Stored items from a collection
====
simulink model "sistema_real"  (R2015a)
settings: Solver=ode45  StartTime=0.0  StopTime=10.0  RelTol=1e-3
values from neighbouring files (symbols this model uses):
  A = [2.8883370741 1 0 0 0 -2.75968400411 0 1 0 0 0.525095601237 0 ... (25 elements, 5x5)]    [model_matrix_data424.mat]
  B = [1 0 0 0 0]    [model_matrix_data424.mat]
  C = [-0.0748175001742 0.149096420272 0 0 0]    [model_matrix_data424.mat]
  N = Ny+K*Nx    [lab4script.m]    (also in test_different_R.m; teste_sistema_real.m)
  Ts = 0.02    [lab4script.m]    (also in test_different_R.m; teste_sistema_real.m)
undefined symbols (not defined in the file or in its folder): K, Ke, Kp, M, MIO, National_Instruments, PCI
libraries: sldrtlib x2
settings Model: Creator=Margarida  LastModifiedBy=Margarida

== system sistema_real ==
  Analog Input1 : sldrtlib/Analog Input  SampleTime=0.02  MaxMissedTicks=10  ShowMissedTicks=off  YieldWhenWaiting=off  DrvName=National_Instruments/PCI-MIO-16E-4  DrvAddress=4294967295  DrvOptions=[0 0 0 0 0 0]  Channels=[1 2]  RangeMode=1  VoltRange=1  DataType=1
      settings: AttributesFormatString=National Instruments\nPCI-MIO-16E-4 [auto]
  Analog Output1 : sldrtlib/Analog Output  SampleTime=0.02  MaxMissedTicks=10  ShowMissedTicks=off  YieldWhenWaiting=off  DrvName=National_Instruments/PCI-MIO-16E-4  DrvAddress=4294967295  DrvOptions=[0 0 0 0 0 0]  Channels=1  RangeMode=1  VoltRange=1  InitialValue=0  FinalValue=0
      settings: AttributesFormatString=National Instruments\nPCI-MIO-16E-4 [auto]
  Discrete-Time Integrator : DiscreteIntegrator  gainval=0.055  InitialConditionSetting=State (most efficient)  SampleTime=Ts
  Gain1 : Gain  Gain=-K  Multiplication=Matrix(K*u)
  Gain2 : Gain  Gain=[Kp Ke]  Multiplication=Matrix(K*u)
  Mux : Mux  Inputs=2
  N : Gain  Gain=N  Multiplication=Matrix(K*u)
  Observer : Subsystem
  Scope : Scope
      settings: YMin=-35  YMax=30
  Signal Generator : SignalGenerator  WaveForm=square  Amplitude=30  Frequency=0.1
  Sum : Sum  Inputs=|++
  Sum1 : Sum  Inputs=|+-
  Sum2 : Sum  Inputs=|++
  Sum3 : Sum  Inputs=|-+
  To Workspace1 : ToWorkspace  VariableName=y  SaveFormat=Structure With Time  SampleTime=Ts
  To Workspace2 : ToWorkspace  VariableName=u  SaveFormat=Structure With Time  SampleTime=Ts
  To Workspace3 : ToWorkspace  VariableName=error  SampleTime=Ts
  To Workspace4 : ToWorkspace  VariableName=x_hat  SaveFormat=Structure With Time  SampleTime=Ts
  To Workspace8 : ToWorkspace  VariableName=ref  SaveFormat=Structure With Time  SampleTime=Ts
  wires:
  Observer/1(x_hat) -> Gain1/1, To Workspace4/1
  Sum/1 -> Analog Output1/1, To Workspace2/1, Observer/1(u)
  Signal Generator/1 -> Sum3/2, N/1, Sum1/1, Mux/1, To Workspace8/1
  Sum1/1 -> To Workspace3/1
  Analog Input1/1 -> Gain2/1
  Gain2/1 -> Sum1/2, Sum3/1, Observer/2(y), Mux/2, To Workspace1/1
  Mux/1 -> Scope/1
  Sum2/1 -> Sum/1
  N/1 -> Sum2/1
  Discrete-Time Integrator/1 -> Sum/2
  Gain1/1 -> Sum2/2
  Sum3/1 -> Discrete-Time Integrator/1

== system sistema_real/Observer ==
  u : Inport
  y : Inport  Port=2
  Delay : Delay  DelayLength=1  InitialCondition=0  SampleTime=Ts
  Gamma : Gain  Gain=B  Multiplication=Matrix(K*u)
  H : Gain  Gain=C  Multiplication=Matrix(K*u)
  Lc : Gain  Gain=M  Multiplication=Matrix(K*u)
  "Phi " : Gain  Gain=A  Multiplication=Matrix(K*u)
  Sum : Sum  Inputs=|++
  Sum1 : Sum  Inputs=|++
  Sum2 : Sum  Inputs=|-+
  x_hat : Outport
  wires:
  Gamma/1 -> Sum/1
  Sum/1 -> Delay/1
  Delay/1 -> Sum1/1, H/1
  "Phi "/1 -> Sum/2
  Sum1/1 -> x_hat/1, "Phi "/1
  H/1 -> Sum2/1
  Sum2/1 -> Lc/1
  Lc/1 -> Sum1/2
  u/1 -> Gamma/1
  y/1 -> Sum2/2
====
:: Required work ::
Check all the records above and select each line where the string "Discrete" is found.

:: Result of the task ::
  Discrete-Time Integrator : DiscreteIntegrator  gainval=0.055  InitialConditionSetting=State (most efficient)  SampleTime=Ts
  Discrete-Time Integrator/1 -> Sum/2
  Sum3/1 -> Discrete-Time Integrator/1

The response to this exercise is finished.